I get what your saying. I was shooting a metal gong target from appx 25 yards away just like between the .40 and 9mm there was a noticeable difference in sound and energy when I hit it with a .357. I didn't think it was too much to handle either and I have no doubt that with time and practice I will improve my revolver skills. The fly in the ointment is the reason I chose to invest in a 9mm handgun, ammo cost. I was satisfied with the performance of my .40 cal handgun and do believe the .40 is a better round than the 9mm. When you're buying premium bonded ammo, which should be what you're using for carry, there isn't a huge price difference however where 9mm has .40, .357 magnum, and everything else handgun beat is the price of cheap range ammo. Checking right now I found that 9mm FMJ/Ball ammo is half as much as .357 and while the gap was closer with .40 it still was the cheaper option. This was the case when I was checking local shelf prices and online bulk options. On the other hand, as I stated above, in order for a 9mm or a .40 to be effective you must use good ammo for it which is significantly more expensive than the bulk range stuff and I believe the inexpensive .357 ammo I got from Academy would be a good option whether I was carrying on the city street or on some backwoods trail.

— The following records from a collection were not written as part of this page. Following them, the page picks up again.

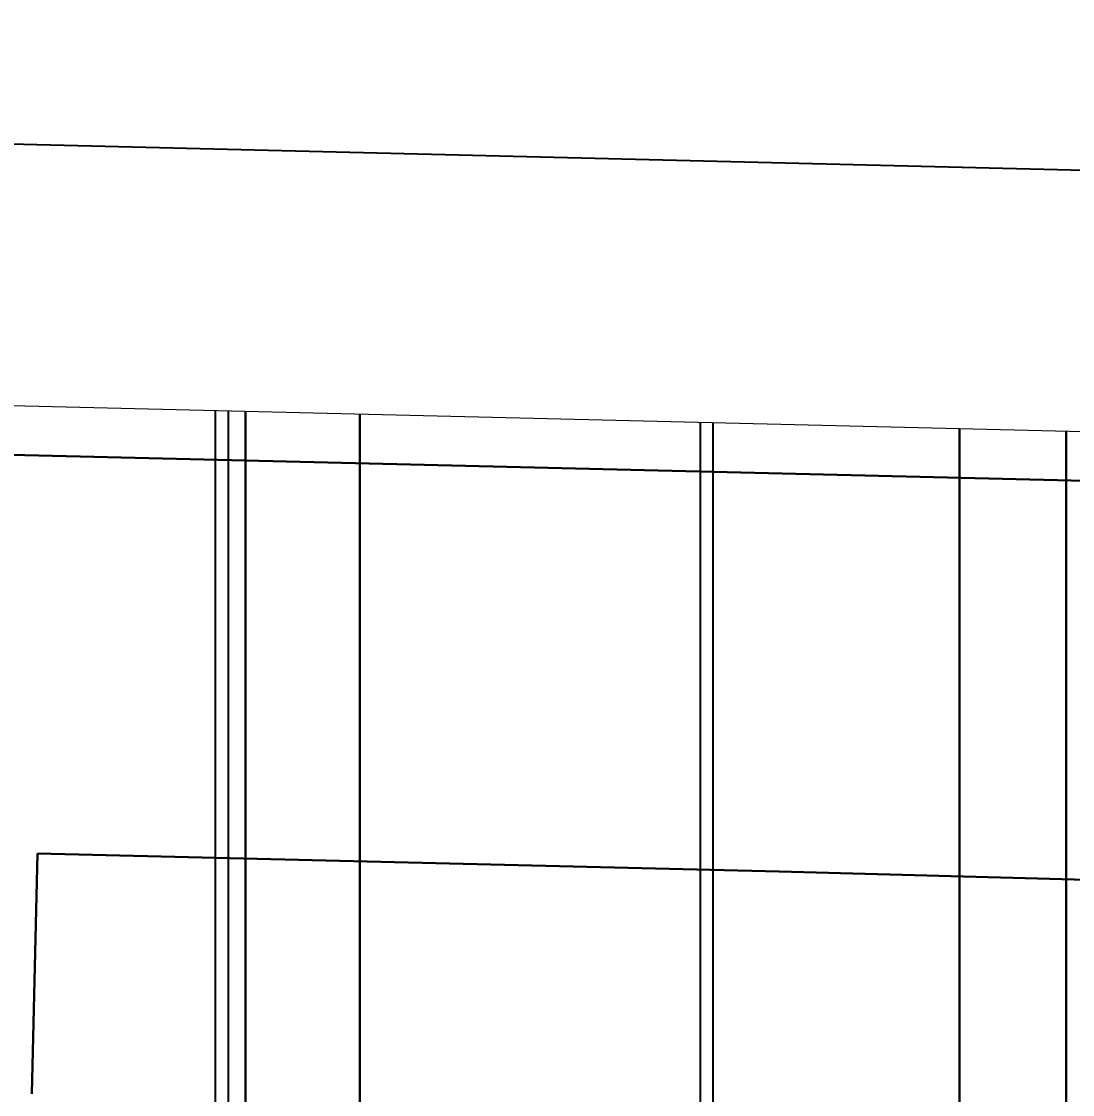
# Model space of a CAD drawing. Header units: millimetres. Extents: x 1418 to 1811, y 1796 to 1956.
# Drawn here: x 1475.24 to 1480.96, y 1887.82 to 1893.66 of the extents above; entities that cross this region are included whole.
import ezdxf

# ---------------------------------------------------------------- set-up
doc = ezdxf.new("R2010")
doc.units = ezdxf.units.MM
for name, color, linetype, lineweight in [('LIMAMARROMENOS', 252, 'Continuous', 30), ('LINHAGROSSA', 7, 'Continuous', 30), ('PA6_TERRENO', 6, 'Continuous', 18), ('PA6_TEXTO', 3, 'Continuous', 18), ('pisoexterno_ultrafino', 9, 'Continuous', 30)]:
    doc.layers.add(name, color=color, linetype=linetype, lineweight=lineweight)
doc.styles.add('200 Médio', font='arial.ttf', dxfattribs={"height": 0.75})
doc.styles.add('ARIAL', font='ARIAL', dxfattribs={"height": 0.2})
doc.dimstyles.new('AQ250', dxfattribs={"dimscale": 10, "dimtxt": 0.05, "dimasz": 0.03, "dimexe": 0.03, "dimexo": 0.025, "dimgap": 0.025, "dimtad": 1, "dimzin": 0, "dimdsep": 46, "dimtxsty": 'ARIAL', "dimblk": 'ARCHTICK', "dimcen": 0.09, "dimdle": 0.03, "dimclrt": 7, "dimadec": 0, "dimazin": 0, "dimtfac": 1, "dimtix": 1, "dimtmove": 2, "dimatfit": 3, "dimldrblk": 'OPEN90', "dimfxl": 1, "dimtvp": 1, "dimtolj": 1, "dimtzin": 0, "dimarcsym": 0})

# ---------------------------------------------------------------- blocks, each defined once
blk = doc.blocks.new('_ArchTick')
at = {"color": 0, "linetype": 'ByBlock', "const_width": 0.15}
blk.add_lwpolyline([(-0.5, -0.5), (0.5, 0.5)], dxfattribs=at)
blk = doc.blocks.new('*D8')
at = {"layer": 'Defpoints', "color": 0, "transparency": 16777216}
for p in [(1464.4823, 1893.2522), (1464.4477, 1891.8309), (1525.828, 1890.3369)]:
    blk.add_point(p, dxfattribs=at)
at = {"layer": 'PA6_TEXTO', "color": 0, "lineweight": -2, "transparency": 16777216}
for p, q in [((1464.4538, 1892.0808), (1464.4896, 1893.5521)), ((1526.1625, 1891.7509), (1464.1824, 1893.2595)), ((1525.8341, 1890.5868), (1525.8699, 1892.0581))]:
    blk.add_line(p, q, dxfattribs=at)
at = {"layer": 'PA6_TEXTO', "color": 0, "lineweight": -2, "transparency": 16777216, "xscale": 0.3, "yscale": 0.3, "zscale": 0.3}
for p, rotation in [((1464.4823, 1893.2522), 178.6056793841393), ((1525.8626, 1891.7582), 358.6056793841393)]:
    blk.add_blockref('_ArchTick', p, dxfattribs=dict(at, rotation=rotation))
at = {"layer": 'PA6_TEXTO', "color": 7, "transparency": 16777216, "insert": (1495.1879, 1893.138), "char_height": 0.75, "attachment_point": 5, "rotation": 358.60568, "style": '200 Médio'}
blk.add_mtext('\\A1;61.40', dxfattribs=at)
blk = doc.blocks.new('_Open90')
at = {"color": 0, "linetype": 'ByBlock', "lineweight": -2}
for p, q in [((-0.5, 0.5), (0, 0)), ((0, 0), (-1, 0)), ((0, 0), (-0.5, -0.5))]:
    blk.add_line(p, q, dxfattribs=at)

msp = doc.modelspace()

# ---------------------------------------------------------------- linework, layer by layer
for p, q in [((1476.2945, 1884.5954), (1476.2945, 1891.5426)), ((1476.3646, 1884.5948), (1476.3646, 1891.5409)), ((1478.9361, 1884.5725), (1478.9361, 1891.4783)), ((1479.0061, 1884.5719), (1479.0061, 1891.4766))]:
    msp.add_line(p, q)
at = {"layer": 'LIMAMARROMENOS'}
for p, q in [((1476.458, 1885.5092), (1476.458, 1891.5386)), ((1477.0809, 1885.459), (1477.0809, 1891.5234)), ((1480.3471, 1887.6882), (1480.3471, 1891.4439)), ((1480.9283, 1887.607), (1480.9283, 1891.4298))]:
    msp.add_line(p, q, dxfattribs=at)
at = {"layer": 'LINHAGROSSA'}
for p, q in [((1475.3247, 1889.1282), (1475.2928, 1887.8192)), ((1479.3656, 1889.0298), (1475.3247, 1889.1282)), ((1490.4096, 1888.7386), (1479.3656, 1889.0298))]:
    msp.add_line(p, q, dxfattribs=at)
at = {"layer": 'PA6_TERRENO'}
msp.add_lwpolyline([(1525.828, 1890.3369), (1523.8608, 1810.3571), (1462.0087, 1808.5791), (1464.4477, 1891.8309)], close=True, dxfattribs=at)
at = {"layer": 'pisoexterno_ultrafino'}
msp.add_line((1522.7154, 1890.1436), (1475.18, 1891.3006), dxfattribs=at)

# ---------------------------------------------------------------- dimensions: what is measured, and where the dimension line sits
at = {"layer": 'PA6_TEXTO'}
dim = msp.add_aligned_dim(p1=(1525.828, 1890.3369), p2=(1464.4477, 1891.8309), distance=-1.4217, dimstyle='AQ250', override={"dimtxsty": '200 Médio'}, dxfattribs=at)
dim.commit()
dim.dimension.update_dxf_attribs({"geometry": '*D8', "text_midpoint": (1495.1879, 1893.138)})

doc.saveas('drawing.dxf')

Anyways, next range session I believe I'm going to put some .38 through the Windicator along with some of Buffalo Bore's .357 offerings.


----------



## Mad Trapper (Feb 12, 2014)

My 45 ACP can't do anything long 185 or 230 maybe need some work it's SA, my .22 colt huntsman is great CCI 40gr, my 8 3/4 " S+W M29 flips woodchucks/ground hogs most every time 240gr rem, I bet a black bear would be in trouble. Have only done those with a 58 ML


----------



## rice paddy daddy (Jul 17, 2012)

NotTooProudToHide said:


> I get what your saying. I was shooting a metal gong target from appx 25 yards away just like between the .40 and 9mm there was a noticeable difference in sound and energy when I hit it with a .357. I didn't think it was too much to handle either and I have no doubt that with time and practice I will improve my revolver skills. The fly in the ointment is the reason I chose to invest in a 9mm handgun, ammo cost. I was satisfied with the performance of my .40 cal handgun and do believe the .40 is a better round than the 9mm. When you're buying premium bonded ammo, which should be what you're using for carry, there isn't a huge price difference however where 9mm has .40, .357 magnum, and everything else handgun beat is the price of cheap range ammo. Checking right now I found that 9mm FMJ/Ball ammo is half as much as .357 and while the gap was closer with .40 it still was the cheaper option. This was the case when I was checking local shelf prices and online bulk options. On the other hand, as I stated above, in order for a 9mm or a .40 to be effective you must use good ammo for it which is significantly more expensive than the bulk range stuff and I believe the inexpensive .357 ammo I got from Academy would be a good option whether I was carrying on the city street or on some backwoods trail.
> 
> Anyways, next range session I believe I'm going to put some .38 through the Windicator along with some of Buffalo Bore's .357 offerings.


I shoot 38's in my 357's and only use magnums for carry, household guns, and to fire a few at the range.
I try to keep CCI Blazer 38 Special lead roundnose, or any other quality lead bullet cartridges, in backstock. Lead is much kinder to pistol barrels than copper jackets.
Winchester White Box 130 grain FMJ 38's in the 100 round "economy pack" can be had where we live for $30 or less per 100.

My 38 Special chambered pistols I generally leave loaded with Remington 148 grain full wad cutters. This is an excellent defense round, the full diameter flat nose cuts nice holes in tissue, whereas round noses just kind of push the tissue out of the way.

Just because a caliber is not the latest craze, and may be 100+ years old, doesn't necessarily make it bad.


----------



## Rabies (Jun 22, 2016)

Ive got a few older model Smith and Wesson 38s and 357 in the stable, but recently picked up a Taurus 605. That little gun is great! only thing I did to it was add hogue grips and painted the front sight blaze orange...….absolutely a great shooting gun.


----------



## NotTooProudToHide (Nov 3, 2013)

Made a trip to the range and shot both of em again over the weekend (what better way to spend 4th of july weekend!). I'm still working on my double action trigger pull, looked up some techniques on the internet and it seems to be improving but I need a lot more practice. More than likely my next ammo buy is going to include some budget .38 as .357 is rather expensive. Both the M&P 9c and M&P Shield 9mm where more accurate than the shooter and loads of fun. I can tell that I need to do this more often. When I start out I'm rusty and inaccurate which improves as the session goes. Well inaccurate is the wrong phrase, not as accurate as I like to be fits better, I do still hit the target.


----------



## Smitty901 (Nov 16, 2012)

I have acquired a Ruger RPR in 338 . But have not fired it and it will be some time before I have time to mess with it. It is a beast.


----------